What you are asked to do >> In the records below, find every line that contains "safe" and list it.

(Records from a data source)
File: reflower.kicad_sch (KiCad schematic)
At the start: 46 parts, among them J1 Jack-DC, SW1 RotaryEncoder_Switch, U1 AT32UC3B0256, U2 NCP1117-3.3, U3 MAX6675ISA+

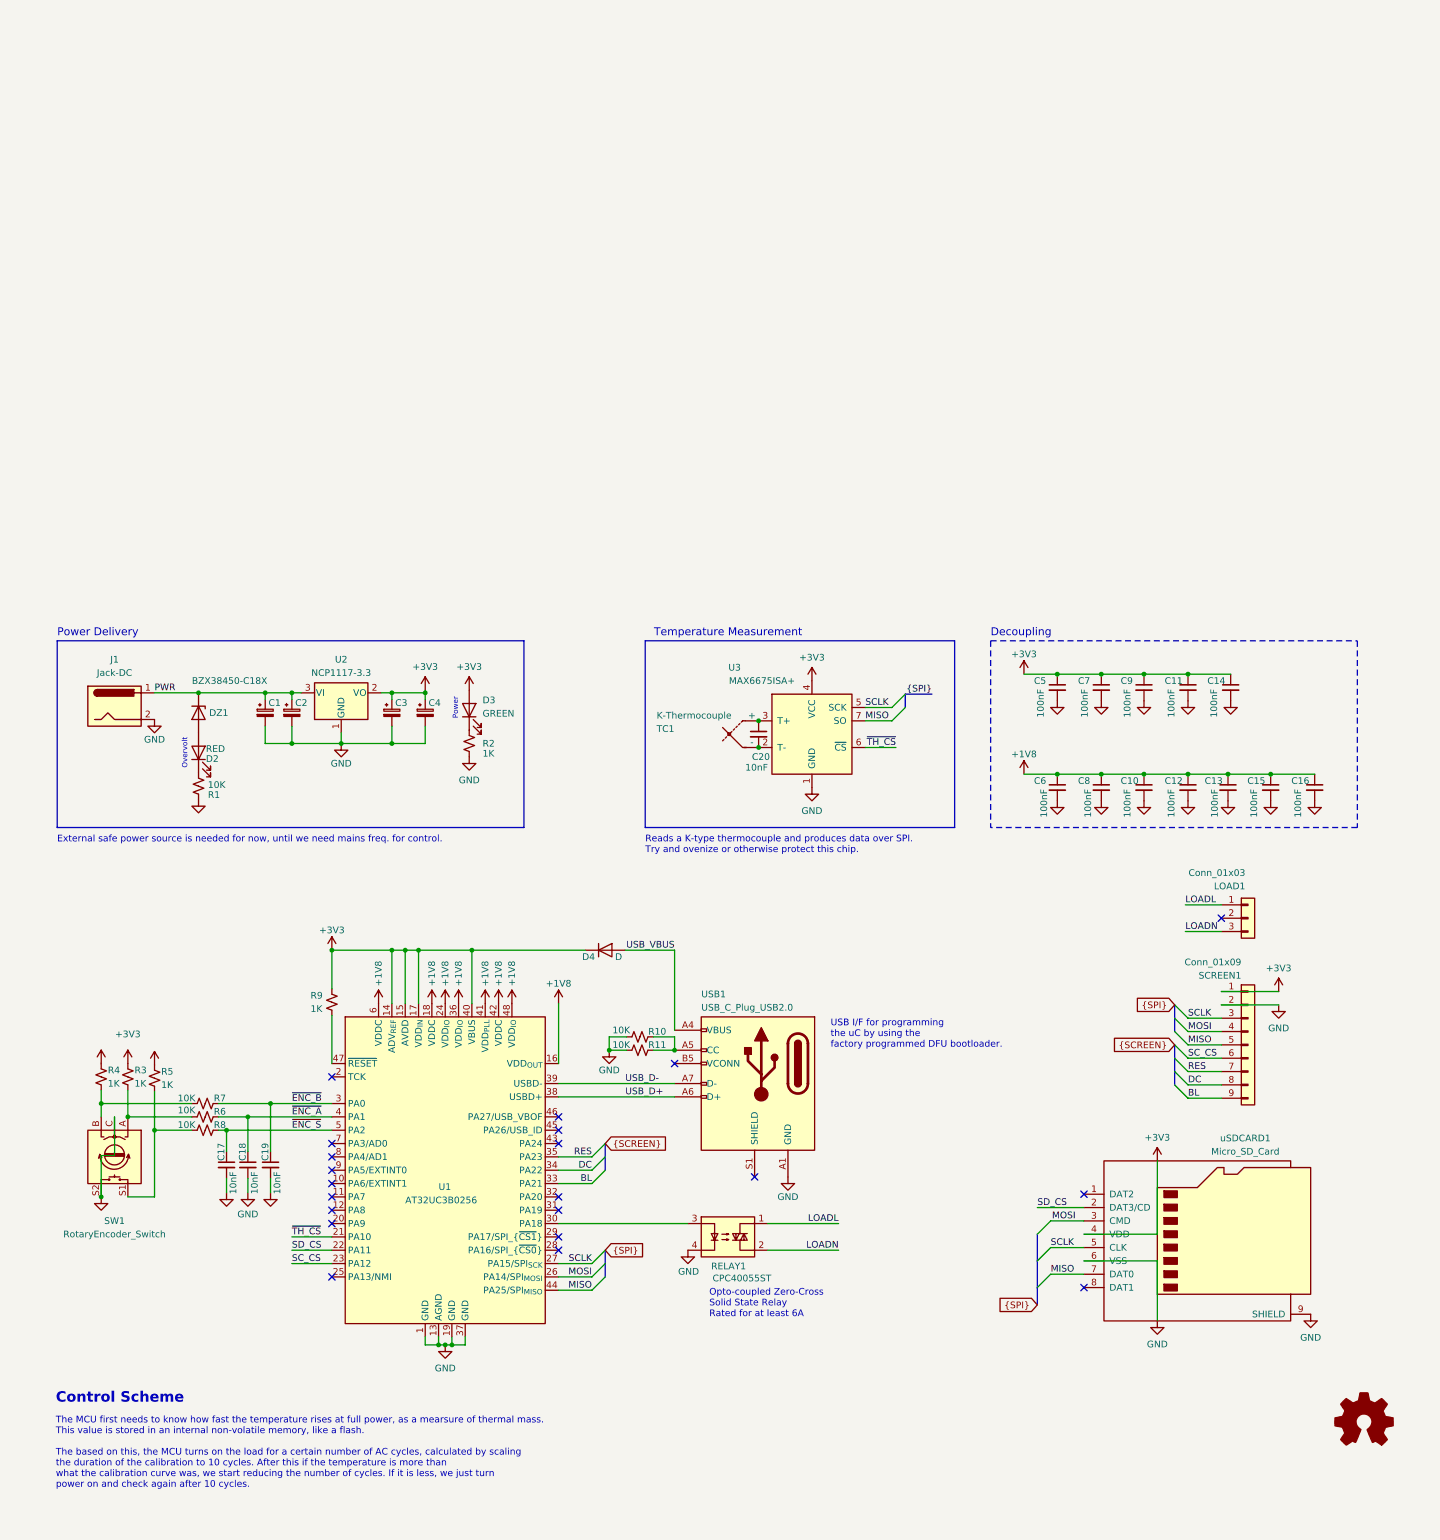
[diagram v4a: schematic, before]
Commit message: Revise to use STM32
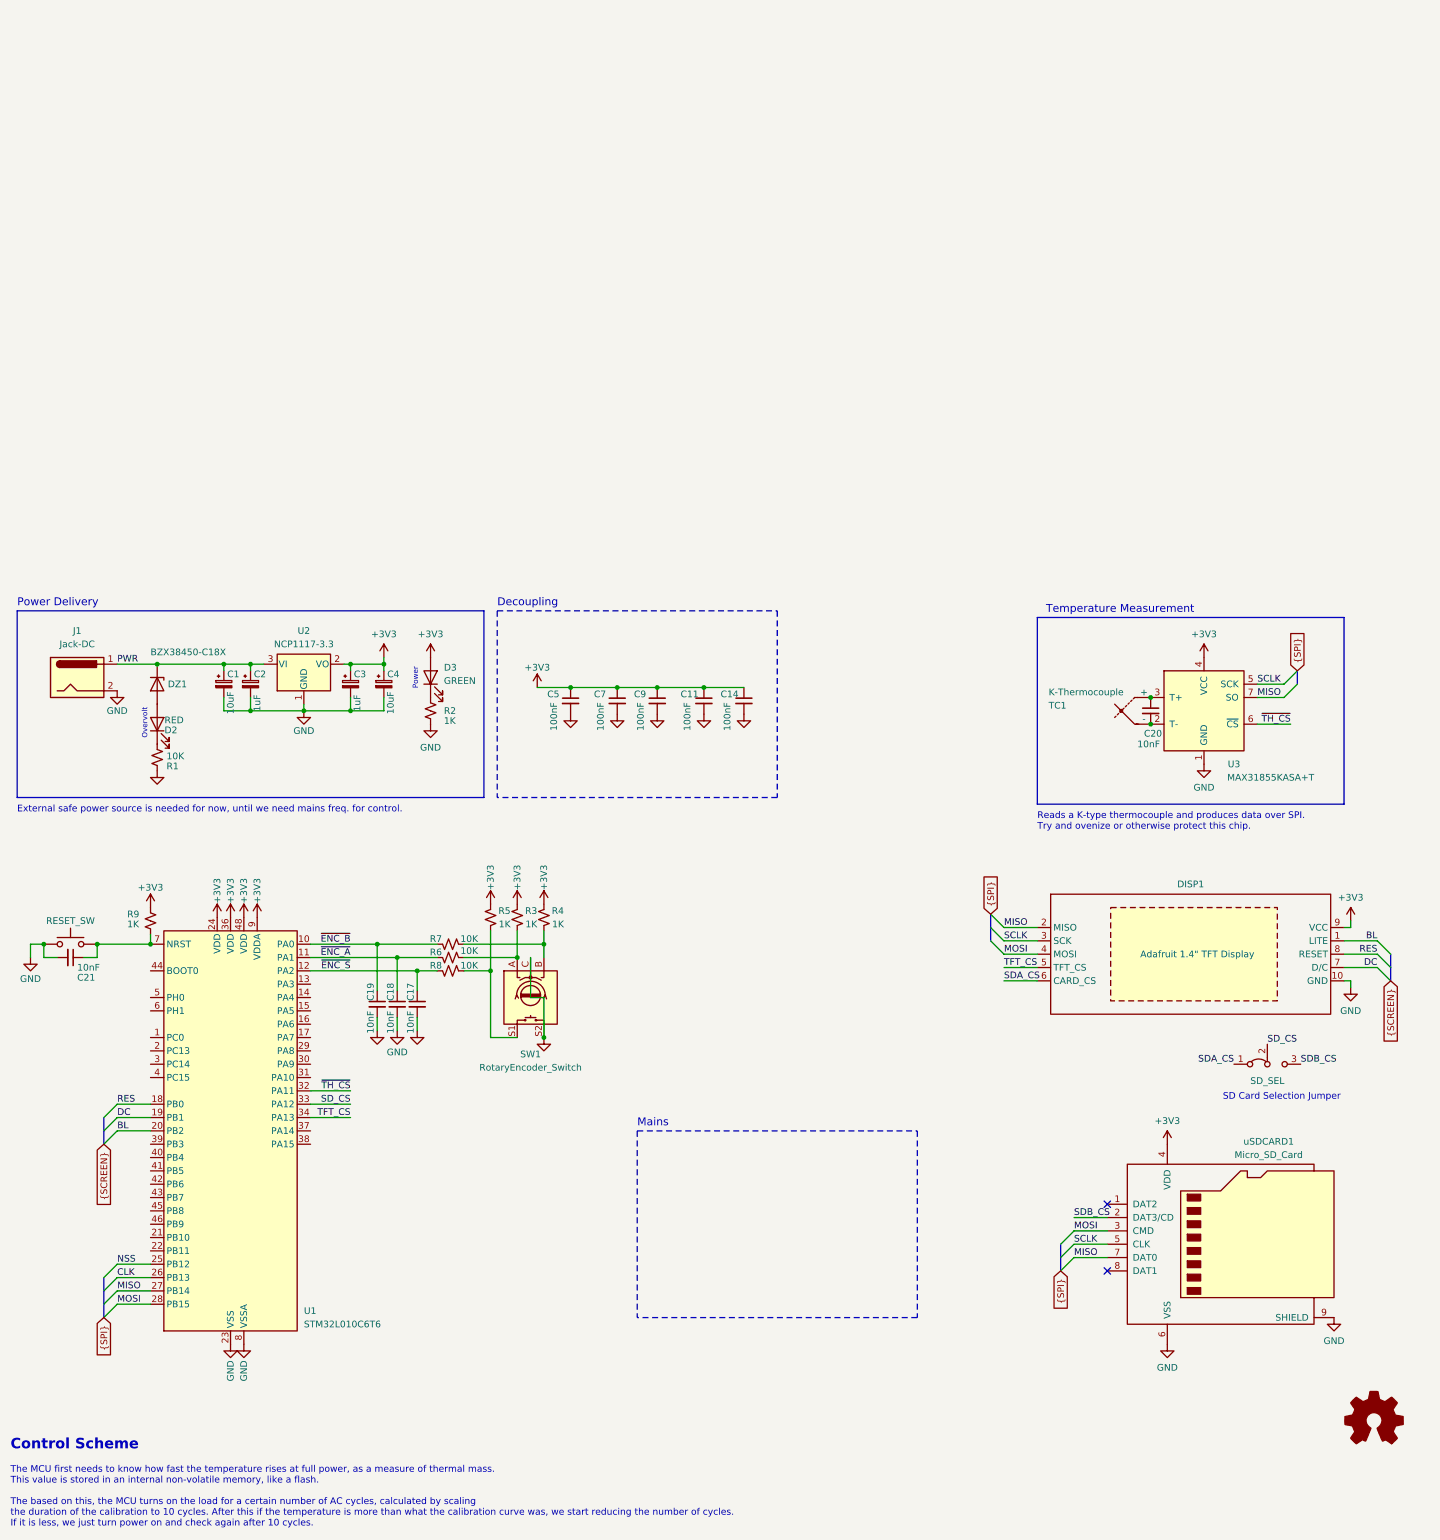
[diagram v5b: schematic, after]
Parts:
- removed C10, C12, C13, C15, C16, C6, C8: 100nF, Capacitor_SMD:C_0603_1608Metric, symbol Device:C_Small
- removed D4: D, Diode_SMD:D_0603_1608Metric, symbol Device:D
- removed LOAD1: Conn_01x03, TerminalBlock_Phoenix:TerminalBlock_Phoenix_MKDS-1,5-3_1x03_P5.00mm_Horizontal, symbol Connector_Generic:Conn_01x03
- removed R10, R11: 10K, Resistor_SMD:R_0603_1608Metric, symbol Device:R_Small_US
- removed RELAY1: CPC40055ST, SolidStateRelay:IXYS CPC40055ST, symbol Relay_SolidState:34.81-8240
- removed SCREEN1: Conn_01x09, Connector_PinHeader_2.54mm:PinHeader_1x09_P2.54mm_Horizontal, symbol Connector_Generic:Conn_01x09
- removed U1: AT32UC3B0256, Package_QFP:TQFP-48_7x7mm_P0.5mm, symbol AVR32:AT32UC3B0256
- removed USB1: USB_C_Plug_USB2.0, Connector_USB:USB_C_Receptacle_Amphenol_12401548E4-2A, symbol Connector:USB_C_Plug_USB2.0
- added C21: 10nF, Capacitor_SMD:C_0603_1608Metric, symbol Device:C_Small
- added DISP1: Adafruit 1.4" TFT Display, Connector_PinHeader_2.54mm:PinHeader_1x10_P2.54mm_Vertical, symbol Display_Graphic:Adafruit_358_TFT
- added RESET_SW: SW_Push, symbol Switch:SW_Push
- added SD_SEL: Jumper_3_Bridged12, Connector_PinHeader_2.54mm:PinHeader_1x03_P2.54mm_Vertical, symbol Jumper:Jumper_3_Bridged12
- added U1: STM32L010C6T6, Package_QFP:LQFP-48_7x7mm_P0.5mm, symbol MCU_ST_STM32L0:STM32L010C6Tx
- C1, C4: value (none) -> 10uF; footprint (none) -> Capacitor_THT:CP_Radial_D5.0mm_P2.00mm
- C2, C3: value (none) -> 1uF; footprint (none) -> Capacitor_THT:CP_Radial_D5.0mm_P2.00mm
- U3: value MAX6675ISA+ -> MAX31855KASA+T
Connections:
- net +3V3: now also DISP1.9 (VCC), U1.24 (VDD), U1.36 (VDD), U1.48 (VDD), U1.9 (VDDA)
- net BL: now also DISP1.1 (LITE), U1.20 (PB2)
- net DC: now also DISP1.7 (D/C), U1.19 (PB1)
- net GND: now also C21.2, DISP1.10 (GND), RESET_SW.1, U1.23 (VSS), U1.35 (VSS), U1.47 (VSS), U1.8 (VSSA)
- net MISO: now also DISP1.2 (MISO), U1.27 (PB14)
- net MOSI: now also DISP1.4 (MOSI), U1.28 (PB15)
- net RES: now also DISP1.8 (RESET), U1.18 (PB0)
- net SCLK: now also DISP1.3 (SCK)
- net SD_CS: now also SD_SEL.2 (C), U1.33 (PA12); no longer uSDCARD1.2 (DAT3/CD)
- net ~{ENC_A}: now also U1.11 (PA1)
- net ~{ENC_B}: now also U1.10 (PA0)
- net ~{ENC_S}: now also U1.12 (PA2)
- net ~{TH_CS}: now also U1.32 (PA11)
- net at R9.2: now also C21.1, RESET_SW.2, U1.7 (NRST)
- new net CLK: U1.26 (PB13)
- new net NSS: U1.25 (PB12)
- new net SDA_CS: DISP1.6 (CARD_CS), SD_SEL.1 (A)
- new net SDB_CS: SD_SEL.3 (B), uSDCARD1.2 (DAT3/CD)
- new net TFT_CS: DISP1.5 (TFT_CS), U1.34 (PA13)
- no-connect marks 21 -> 2
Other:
- note added: "Mains"
- note added: "SD Card Selection Jumper"
- note added: "The MCU first needs to know how fast the temperature rises at full power, as a measure of thermal mass. This value is stored in an internal non-volatile memory, like a flash. The based on this, the MCU turns on the load for a certain number of AC cycles, calculated by scaling the duration of the calibration to 10 cycles. After this if the temperature is more than what the calibration curve was, w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"
- note removed: "Opto-coupled Zero-Cross Solid State Relay Rated for at least 6A"
- note removed: "The MCU first needs to know how fast the temperature rises at full power, as a mearsure of thermal mass. This value is stored in an internal non-volatile memory, like a flash. The based on this, the MCU turns on the load for a certain number of AC cycles, calculated by scaling the duration of the calibration to 10 cycles. After this if the temperature is more than what the calibration curve was, 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"
- note removed: "USB I/F for programming the uC by using the factory programmed DFU bootloader."
- moved on the sheet: C1, C11, C14, C17, C18, C19, C2, C20, C3, C4, C5, C7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

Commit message: Redo Power supply
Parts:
- removed J1: Jack-DC, TerminalBlock_Phoenix:TerminalBlock_Phoenix_MKDS-1,5-2_1x02_P5.00mm_Horizontal, symbol Connector:Jack-DC
- removed U2: NCP1117-3.3, Package_TO_SOT_SMD:SOT-223-3_TabPin2, symbol Regulator_Linear:NCP1117-3.3_SOT223
- added C15: 10uF, Capacitor_THT:CP_Radial_D5.0mm_P2.00mm, symbol Device:C_Polarized_Small
- added D3: B380C2300-1500B, Diode_SMD:Diode_Bridge_Diotec_ABS, symbol Diode_Bridge:B380C2300-1500B
- added D4: 1N4007, Diode_THT:D_DO-41_SOD81_P10.16mm_Horizontal, symbol Diode:1N4007
- added DZ3: BZX38450-C6V2, Diode_SMD:D_SOD-323, symbol Device:D_Zener
- added PROG1: Conn_01x06, Connector_PinHeader_2.54mm:PinHeader_1x06_P2.54mm_Vertical, symbol Connector_Generic:Conn_01x06
- added PROG2: PROG, symbol Connector_Generic_Shielded:Conn_01x06_Shielded
- added Q1: IRG4PF50W, Package_TO_SOT_THT:TO-247-3_Vertical, symbol Transistor_IGBT:IRG4PF50W
- added R10, R12: 10K, symbol Device:R_Small_US
- added R11: 1K, symbol Device:R_Small_US
- added U1: NCP1117-3.3, Package_TO_SOT_SMD:SOT-223-3_TabPin2, symbol Regulator_Linear:NCP1117-3.3_SOT223
- added U4: 4N25, Package_DIP:DIP-6_W7.62mm, symbol Isolator:4N25
- added U5: ZXGD3006E6, Package_TO_SOT_SMD:SOT-23-6_Handsoldering, symbol Driver_FET:ZXGD3006E6
- C3: value 1uF -> 10uF
- C4: value 10uF -> 1uF
- ROT_SW1: renamed from SW1; value RotaryEncoder_Switch -> PEC11R-4215F-S0024
- renumbered C20 to C10, C21 to C11, C19 to C12, C18 to C13, C17 to C14, C7 to C6, C9 to C7, C11 to C8, C14 to C9, R5 to R3, R3 to R4, R4 to R5, R9 to R6, R6 to R8, R8 to R9, RESET_SW to RESET_SW1, SD_SEL to SD_SEL1, U3 to U2, U1 to U3
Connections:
- net +3V3: now also R10.2, U1.2 (VO), U5.1 (VCC)
- net CLK: now also PROG1.3 (Pin_3), PROG2.3 (Pin_3)
- net GND: now also C15.2, D3.1 (-), DZ3.2 (A), PROG1.6 (Pin_6), PROG2.6 (Pin_6), PROG2.SH (Shield), U1.1 (GND), U4.4, U5.3 (VEE)
- net MISO: now also PROG1.4 (Pin_4), PROG2.4 (Pin_4)
- net MOSI: now also PROG1.5 (Pin_5), PROG2.5 (Pin_5)
- net NSS: now also PROG1.2 (Pin_2), PROG2.2 (Pin_2)
- net ZERO: now reaches U3.37 (PA14)
- net ZERO: now also R10.1, U4.5
- net TRIG: now reaches U3.38 (PA15)
- net TRIG: now also U5.2 (IN)
- net PWR: no longer names the net of C1.1, C2.1
- net PWR: now also D3.3 (+); no longer DZ1.1 (K)
- new net: D4.2 (A), Q1.1 (G), R11.1, R12.1
- new net: D4.1 (K), R11.2, U5.4 (SINK), U5.6 (SRC)
- new net AC: D3.2, U4.1
- new net GNDPWR: D3.4, U4.2
- new net VDC: C15.1, DZ3.1 (K), PROG1.1 (Pin_1), PROG2.1 (Pin_1), U1.3 (VI)
- no-connect marks 2 -> 3
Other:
- note added: "5V Zener Regulator"
- note added: "Handles power delivery to this board via multiple sources. Either via the mains supply, the SPI header, or an external source."
- note added: "Logic Supply"
- note added: "Mains 220VAC"
- note added: "Overvolatge"
- note added: "Power LED"
- note added: "SD Card Selection"
- note added: "Zero-Crossing Detection"
- note removed: "Mains"
- note removed: "Overvolt"
- note removed: "Power"
- note removed: "SD Card Selection Jumper"
- moved on the sheet: C10, C11, C12, C13, C14, C5, C6, C7, C8, C9, DISP1, R3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

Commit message: Power
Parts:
- added J1: Screw_Terminal_01x02, symbol Connector:Screw_Terminal_01x02
- renumbered D2 to LED1, D3 to LED2
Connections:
- net AC: no longer D3.2
- net GNDPWR: now also J1.2 (Pin_2)
- net at C1.1, C2.1, D3.3 (+): now also DZ1.1 (K)
- new net VSS: D3.2, J1.1 (Pin_1)
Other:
- note added: "18V Zener Regulator"
- moved on the sheet: C1, C15, C2, C3, C4, D3, DZ1, DZ3, LED1, R1, U1

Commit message: External power
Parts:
- removed DZ3: BZX38450-C6V2, Diode_SMD:D_SOD-323, symbol Device:D_Zener
- added J2: Screw_Terminal_01x02, symbol Connector:Screw_Terminal_01x02
- added J3: Barrel_Jack, symbol Connector:Barrel_Jack
- DZ1: value BZX38450-C18X -> BZX38450-C5V1
- renumbered C9 to C1, C6 to C10, C5 to C11, C11 to C12, C12 to C13, C13 to C14, C14 to C15, C8 to C2, C10 to C3, C7 to C4, C1 to C5, C2 to C6, C3 to C7, C4 to C8, C15 to C9, D3 to D1, D4 to D3, LED2 to LED1, LED1 to LED2, R2 to R1, R1 to R2, U2 to U1, U1 to U2, U5 to U4, U4 to U5
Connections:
- net AC: now also D1.2, J1.1 (Pin_1); no longer U5.1
- net GND: now also J2.2 (Pin_2), J3.2
- net VDC: now also C5.1, C6.1, DZ1.1 (K), J2.1 (Pin_1), J3.1
- net VSS: now also D1.3 (+), U5.1; no longer D1.2, J1.1 (Pin_1)
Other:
- note added: "External safe DC power source is needed for now, until can use mains for logic supply."
- note removed: "18V Zener Regulator"
- note removed: "External safe power source is needed for now, until we need mains freq. for control."
- moved on the sheet: C3, C5, C6, C7, C8, C9, DZ1, LED2, R2, SD_SEL1, TC1, U1

Solution to this task >>
- note added: "External safe DC power source is needed for now, until can use mains for logic supply."
- note removed: "External safe power source is needed for now, until we need mains freq. for control."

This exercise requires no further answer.